To create Figure 4, viruses closely related to SARS-CoV-2 were selected from a recent study (1) and supplemented with one sequence derived from a pangolin host in another study (2). Genomes were aligned and a maximum likelihood tree was created using DECIPHER with the best fitting evolutionary model.
Identification of parallel substitutions across independent lineages
Starting from the set of all SARS-CoV-2 genomes, we constructed a multiple sequence alignment, matrix of pairwise nucleotide identity, and rooted neighbor joining tree using DECIPHER. Sequences were compared at each site in the reference sequence to identify independent substitutions on the phylogenetic tree. That is, we mapped mutations onto tips of the phylogenetic tree and propagated them back till they coalesced at a common ancestor (edge). This enabled us to count the number of independent substitutions that were inherited by one or more strains. To increase robustness to the tree topology, we ignored single reversions to the ancestral character that occurred within a clade sharing a derived character.
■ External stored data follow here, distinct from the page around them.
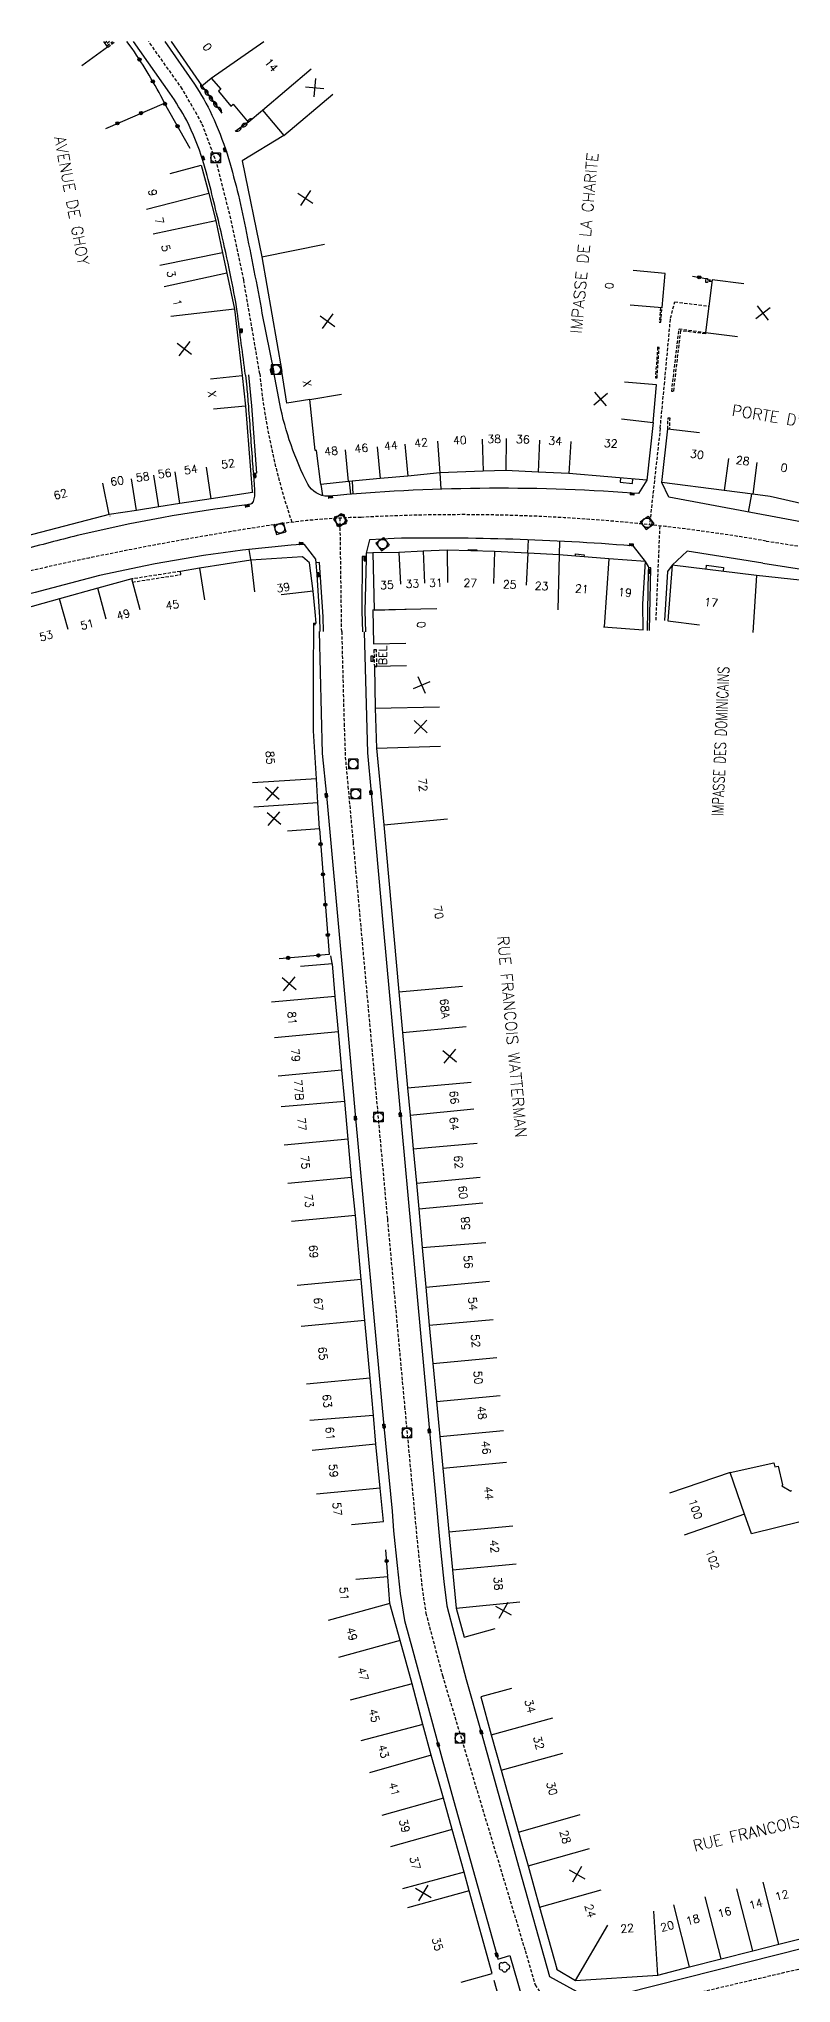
# Model space of a CAD drawing. Header units: millimetres. Extents: x 111000 to 112001, y 155000 to 156000.
# Drawn here: x 111657.4 to 111774.9, y 155696.7 to 156000.4 of the extents above; entities that cross this region are included whole.
import ezdxf
from ezdxf.enums import TextEntityAlignment as Align

# ---------------------------------------------------------------- set-up
doc = ezdxf.new("R2010")
doc.units = ezdxf.units.MM
doc.linetypes.add('DASHED', pattern=[0.75, 0.5, -0.25])
doc.layers.get('0').update_dxf_attribs({"linetype": 'CONTINUOUS'})
for name, color, linetype in [('W0001', 6, 'DASHED'), ('W0008', 7, 'CONTINUOUS'), ('W0100', 7, 'CONTINUOUS'), ('W0105', 7, 'CONTINUOUS'), ('W0112', 1, 'DASHED'), ('W0300', 7, 'CONTINUOUS'), ('W0310', 3, 'CONTINUOUS'), ('W0322', 7, 'CONTINUOUS'), ('W0334', 7, 'CONTINUOUS'), ('W0400', 7, 'CONTINUOUS'), ('W0420', 7, 'CONTINUOUS'), ('W0984', 7, 'CONTINUOUS'), ('W0989', 7, 'CONTINUOUS'), ('W0991', 7, 'CONTINUOUS'), ('W1102', 7, 'CONTINUOUS')]:
    doc.layers.add(name, color=color, linetype=linetype)
doc.styles.get("Standard").update_dxf_attribs({"font": 'romans.shx', "width": 0.85})

# ---------------------------------------------------------------- blocks, each defined once
blk = doc.blocks.new('t991o')
at = {"color": 0, "linetype": 'Continuous'}
for p, q in [((-1, 1), (1, -1)), ((-1, -1), (1, 1))]:
    blk.add_line(p, q, dxfattribs=at)
blk = doc.blocks.new('t322o')
at = {"color": 0, "linetype": 'Continuous'}
for radius in [0.25, 0.15]:
    blk.add_circle((0, 0), radius, dxfattribs=at)
blk = doc.blocks.new('T400')
for p, q in [((-0.15, 0.3), (0.15, 0.3)), ((-0.15, -0.25), (-0.15, 0.3)), ((-0.15, 0.15), (0.15, 0.15)), ((-0.15, 0), (0.15, 0)), ((0.15, 0.3), (0.15, -0.25)), ((-0.15, -0.15), (0.15, -0.15)), ((-0.15, -0.25), (-0.15, -0.3)), ((-0.15, -0.3), (0.15, -0.3)), ((0.15, -0.3), (0.15, -0.25))]:
    blk.add_line(p, q)
blk = doc.blocks.new('T420')
for p, q in [((0.75, 0.75), (-0.75, 0.75)), ((-0.75, 0.75), (-0.75, -0.75)), ((0.75, 0.75), (0.75, -0.75)), ((0.75, -0.75), (-0.75, -0.75))]:
    blk.add_line(p, q)
blk.add_ellipse((0, 0), major_axis=(-0.53, 0.53), ratio=1, start_param=3.926991, end_param=10.210176)
blk = doc.blocks.new('t310o')
at = {"color": 0, "linetype": 'Continuous'}
for centre, start, end in [((-0.5, 0.38), 216.8699, 323.1304), ((0.5, -0.37), 36.8699, 143.1303)]:
    blk.add_arc(centre, 0.625, start, end, dxfattribs=at)
blk = doc.blocks.new('T300')
for p, q in [((-0.8, 0.51), (-0.86, 0.34)), ((-0.86, 0.34), (-0.86, 0.17)), ((-0.86, 0.17), (-0.74, 0.06)), ((-0.69, 0.63), (-0.8, 0.51)), ((-0.8, -0.06), (-0.74, 0.06)), ((-0.74, 0.06), (-0.69, 0.11)), ((-0.57, 0.69), (-0.69, 0.63)), ((-0.46, 0.69), (-0.57, 0.69)), ((-0.29, 0.63), (-0.46, 0.69)), ((-0.29, 0.63), (-0.17, 0.74)), ((-0.23, 0.57), (-0.29, 0.63)), ((-0.17, 0.74), (-0.06, 0.8)), ((-0.06, 0.8), (0.06, 0.8)), ((0.06, 0.8), (0.23, 0.74)), ((0.23, 0.74), (0.34, 0.63)), ((0.34, 0.63), (0.4, 0.51)), ((0.46, 0.46), (0.34, 0.46)), ((0.4, 0.51), (0.4, 0.46)), ((0.57, 0.4), (0.46, 0.46)), ((0.57, 0.4), (0.69, 0.29)), ((0.69, 0.29), (0.74, 0.17)), ((0.74, 0.06), (0.69, -0.17)), ((0.74, 0.17), (0.74, 0.06)), ((-0.8, -0.17), (-0.8, -0.06)), ((-0.8, -0.23), (-0.8, -0.17)), ((-0.74, -0.34), (-0.8, -0.23)), ((-0.69, -0.4), (-0.74, -0.34)), ((-0.51, -0.46), (-0.69, -0.4)), ((-0.4, -0.46), (-0.51, -0.46)), ((-0.4, -0.46), (-0.34, -0.46)), ((-0.34, -0.46), (-0.34, -0.4)), ((-0.34, -0.51), (-0.34, -0.46)), ((-0.29, -0.63), (-0.34, -0.51)), ((-0.17, -0.74), (-0.29, -0.63)), ((-0.06, -0.8), (-0.17, -0.74)), ((0.06, -0.8), (-0.06, -0.8)), ((0.17, -0.74), (0.06, -0.8)), ((0.23, -0.69), (0.17, -0.74)), ((0.29, -0.46), (0.23, -0.46)), ((0.29, -0.63), (0.23, -0.69)), ((0.46, -0.4), (0.29, -0.46)), ((0.34, -0.51), (0.29, -0.63)), ((0.34, -0.51), (0.34, -0.46)), ((0.57, -0.34), (0.46, -0.4)), ((0.63, -0.29), (0.57, -0.34)), ((0.69, -0.17), (0.63, -0.29))]:
    blk.add_line(p, q)

msp = doc.modelspace()

# ---------------------------------------------------------------- linework, layer by layer
at = {"layer": 'W0001'}
for points in [[(111691.89, 155948.12), (111690.75, 155954.89), (111689.38, 155962.78), (111687.38, 155972.32), (111685.18, 155981), (111682.84, 155987.27), (111679.8, 155992.61), (111674.56, 156000)], [(111754.43, 155939.62), (111755.08, 155946.43), (111756.04, 155956.79), (111756.7, 155959.35), (111762.03, 155958.68)], [(111754.43, 155939.62), (111752.76, 155924.54)], [(111704.69, 155907.84), (111704.44, 155925.58)], [(111753.79, 155909.62), (111754.4, 155924.36)], [(111770.97, 155921.99), (111794.14, 155918.4), (111823.64, 155912.58), (111863.32, 155897.65), (111856.26, 155841.54), (111850.29, 155805.76), (111850.3, 155791.82), (111845.07, 155756.35), (111833.19, 155726.08)], [(111704.69, 155907.84), (111705.06, 155893.49), (111705.24, 155888.25), (111705.67, 155883.65), (111706.46, 155874.99), (111709.12, 155845.71), (111711.82, 155816.07), (111714.51, 155786.8), (111716.46, 155765.9), (111717.15, 155759.22), (111717.82, 155754.54), (111720.42, 155744.76), (111733.34, 155701.8), (111734.89, 155696.46), (111736.95, 155693.26), (111740.19, 155691.47), (111744.23, 155691.37), (111748.56, 155692.48), (111801.69, 155704.94)]]:
    msp.add_lwpolyline(points, dxfattribs=at)
for points in [[(111691.89, 155948.12, 0.057499), (111696.91, 155924.92, 0.057499)], [(111770.97, 155921.99, 0.056734), (111707.71, 155925.69, 0.032498), (111694.13, 155924.53, 0.036928), (111617.83, 155907.15), (111599.46, 155902.23)]]:
    msp.add_lwpolyline(points, format="xyb", dxfattribs=at)
at = {"layer": 'W0008'}
for points in [[(111689.67, 155947.89, -0.000784), (111689.85, 155946.04, -0.005645), (111690.11, 155943.06, -0.00035), (111690.77, 155934.02, 0.00217), (111690.89, 155932.56, 0.000045), (111690.9, 155932.45, -0.000022), (111690.92, 155932.21, -0.002719), (111690.98, 155931.39, -0.00141), (111691.09, 155929.81, -0.105649), (111690.85, 155928.18, -0.255011), (111690.3, 155927.71, -0.00422), (111690.11, 155927.67, -0.004131), (111689.91, 155927.63, 0.027684), (111663.38, 155922.85, 0.000521), (111659.16, 155921.76, -0.000492), (111654.7, 155920.6, -0.000014), (111644.5, 155917.97, 0.000006), (111619.12, 155911.43, 0.000111)], [(111752.34, 155931.49), (111751.03, 155929.43), (111750.03, 155929.49, 0.041287), (111702.53, 155928.98, -0.262259), (111699.39, 155930.85, -0.067443), (111695.01, 155943.43), (111694.1, 155948.35)], [(111701.35, 155907.85), (111701.29, 155910.12), (111700.85, 155916.7), (111700.71, 155918.56), (111700.67, 155919.17), (111698.9, 155921.47), (111698.35, 155921.44, 0.030648), (111674.06, 155918.12), (111666.87, 155916.6), (111656.83, 155913.95, 0.010663), (111616.54, 155902.87), (111609.75, 155900.95, 0.068418), (111605.1, 155898.93, 0.090618), (111604.3, 155898.22, 0.060028), (111601.89, 155894.24, -0.086444), (111597.84, 155888.23, 0.168894), (111591.74, 155873.38, -0.048395), (111590.73, 155859.95), (111590.64, 155859.2), (111590.36, 155859.24), (111587.48, 155839.45)], [(111752.44, 155908.03), (111752.62, 155917.22), (111752.63, 155917.8), (111752.62, 155918), (111752.12, 155918.79), (111750.25, 155921.21), (111749.89, 155921.24, 0.024056), (111712.89, 155922.4), (111709.04, 155922.16), (111708.51, 155920.1), (111708.51, 155919.55), (111708.5, 155919.19), (111708.31, 155911.02), (111708.39, 155907.83)]]:
    msp.add_lwpolyline(points, format="xyb", dxfattribs=at)
at = {"layer": 'W0008', "flags": 128}
for points in [[(111689.67, 155947.89), (111689.67, 155947.89, -0.002294), (111688.38, 155957.83, 0.0132), (111687.28, 155963.76, 0.0063), (111685.85, 155970.3, 0.0053), (111683.54, 155979.65), (111683.01, 155981.43, 0.0354), (111680.48, 155987.67, 0.0263), (111677.86, 155991.94), (111677.86, 155991.94), (111672.15, 156000)], [(111677.07, 156000), (111681.68, 155993.36, -0.0424), (111684.43, 155988.5, -0.0311), (111686.78, 155982.47, -0.0274), (111689.65, 155970.91, -0.006), (111692.24, 155957.58), (111694.1, 155948.35)]]:
    msp.add_lwpolyline(points, format="xyb", dxfattribs=at)
at = {"layer": 'W0008'}
for points in [[(111780.57, 155924.21), (111755.75, 155928.85), (111754.68, 155931.13)], [(111770.44, 155918.54), (111758.65, 155920.39), (111756.32, 155918.22), (111755.58, 155917.25), (111755.1, 155909.59)], [(111770.44, 155918.54), (111794, 155914.87)], [(111701.17, 155907.86), (111701.66, 155888.8), (111702.29, 155882.25), (111704.7, 155855.97), (111706.84, 155831.84), (111706.84, 155831.84), (111711.28, 155783.73), (111712.57, 155770.43), (111712.78, 155767.36), (111713.35, 155761.98), (111713.8, 155757.61), (111714.51, 155753.36), (111715.81, 155748.63), (111719.76, 155734), (111722.17, 155725.31), (111728.89, 155701.14), (111729.07, 155700.46), (111730.96, 155701.05), (111734.11, 155690.05)], [(111708.22, 155907.83), (111708.7, 155888.9), (111709.28, 155882.68), (111711.16, 155861.78), (111718.38, 155782.96), (111719.26, 155773.51), (111720.01, 155765.47), (111720.65, 155759.45), (111721.13, 155755.64), (111722.28, 155751.06), (111724.15, 155744.13), (111726.49, 155735.93), (111732.38, 155714.63), (111737.13, 155697.77), (111740.81, 155695.73), (111744.14, 155693.94), (111800.75, 155708.3)]]:
    msp.add_lwpolyline(points, dxfattribs=at)
at = {"layer": 'W0100'}
for p, q in [((111709.53, 155903.17), (111709.24, 155903.15)), ((111709.53, 155903.99), (111709.53, 155903.17))]:
    msp.add_line(p, q, dxfattribs=at)
at = {"layer": 'W0100', "flags": 128}
for points in [[(111664.09, 155996.25), (111668.13, 155999.2), (111667.55, 156000)], [(111678.07, 156000), (111678.07, 156000), (111682.83, 155993.1), (111682.83, 155993.1), (111684.29, 155994.31), (111685.81, 155992.57), (111685.43, 155992.25), (111687.38, 155989.91), (111687.76, 155990.23), (111690.1, 155987.42), (111692.32, 155989.27), (111695.67, 155985.33), (111689.16, 155981.38), (111692.21, 155966.36), (111695.33, 155948.47)], [(111677.92, 155979.4), (111682.75, 155980.68), (111683.92, 155976.27), (111685.01, 155972.01), (111686.07, 155967.03), (111686.74, 155963.82), (111687.94, 155958.22), (111687.94, 155958.22), (111689.17, 155947.83)], [(111749.73, 155958.89), (111754.71, 155958.45), (111755.19, 155963.78), (111755.19, 155963.78), (111750.2, 155964.23)], [(111767.51, 155962.15), (111762.54, 155962.77), (111761.52, 155954.58), (111761.52, 155954.58), (111766.48, 155953.96)], [(111753.34, 155940.52), (111753.85, 155946.39), (111753.85, 155946.39), (111748.86, 155946.82)], [(111783.47, 155915.07), (111769.47, 155916.62)], [(111776.5, 155768.83), (111768.66, 155766.91), (111767.6, 155769.97), (111765.35, 155776.51), (111772.18, 155778.02), (111772.32, 155777.35), (111772.83, 155777.47), (111773.5, 155774.54), (111773.43, 155774.41), (111774.85, 155773.55), (111774.93, 155773.66)]]:
    msp.add_lwpolyline(points, dxfattribs=at)
at = {"layer": 'W0100'}
for points in [[(111684.2, 155947.32), (111689.17, 155947.83), (111689.67, 155943.03), (111690.69, 155929.75), (111690.73, 155929.74), (111690.76, 155929.56), (111684.32, 155928.59), (111679.43, 155927.84), (111676.14, 155927.35), (111672.64, 155926.78), (111668.39, 155926.12), (111655.4, 155922.74)], [(111748.37, 155941.07), (111753.34, 155940.52), (111752.34, 155931.49), (111740.16, 155932.54), (111735.37, 155932.75), (111730.32, 155932.99), (111726.79, 155932.9), (111719.99, 155932.62), (111715, 155932.12), (111710.67, 155931.74), (111705.76, 155931.28), (111701.45, 155930.82), (111700.73, 155936.13), (111700.54, 155936.13), (111699.71, 155944.12), (111696.13, 155943.54), (111695.33, 155948.47)], [(111781.33, 155926.55), (111776.84, 155927.77), (111771.58, 155928.94), (111768.88, 155929.29), (111764.44, 155929.9), (111754.68, 155931.13), (111755.6, 155939.49), (111760.57, 155938.94)], [(111745.58, 155908.59), (111751.79, 155908.1), (111751.73, 155912.19), (111752.12, 155918.79), (111746.42, 155919.19), (111738.66, 155919.83), (111733.76, 155920.08), (111728.56, 155920.34), (111721.16, 155920.54), (111717.39, 155920.39), (111713.63, 155920.22), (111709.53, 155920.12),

This process resulted in an integer representing the number of parallel substitutions occurring at each position in the reference sequence. We determined that eight or more independent substitutions was statistically significant for C to U transitions (p < 0.001, Poisson distribution and Bonferroni correction) given the observed mutations rates and assuming mutations are randomly distributed along the genome. All other substitutions (e.g., G to U) required fewer cases of parallelism to achieve the same degree of statistical significance.
Conserved regions were defined as stretches (≥ 100 nucleotides) of the genome where the average number of independent substitutions fell below 0.2 (Fig. 2a). To improve the identification of conserved regions, we applied a center-point moving average function that smoothed the mutation signal across the genome. A similar process was used to determine the bias in synonymous versus non-synonymous substitutions within protein coding regions (Fig. 2a). A fully reproducible and open source analysis pipeline is provided on GitHub (https://github.com/digitalwright/ncov).
FUNDING
This study was funded by NIAID grants 1DP2AI145058-01 and 1R21AI144769-01A1 to ESW and U01AI124302-01 to VSC. The funders had no role in study design, data collection and analysis, decision to publish, or preparation of the manuscript.
ACKNOWLEDGEMENTS
We are grateful for the contributions of laboratories involved in collecting samples and creating the dataset made available by GISAID.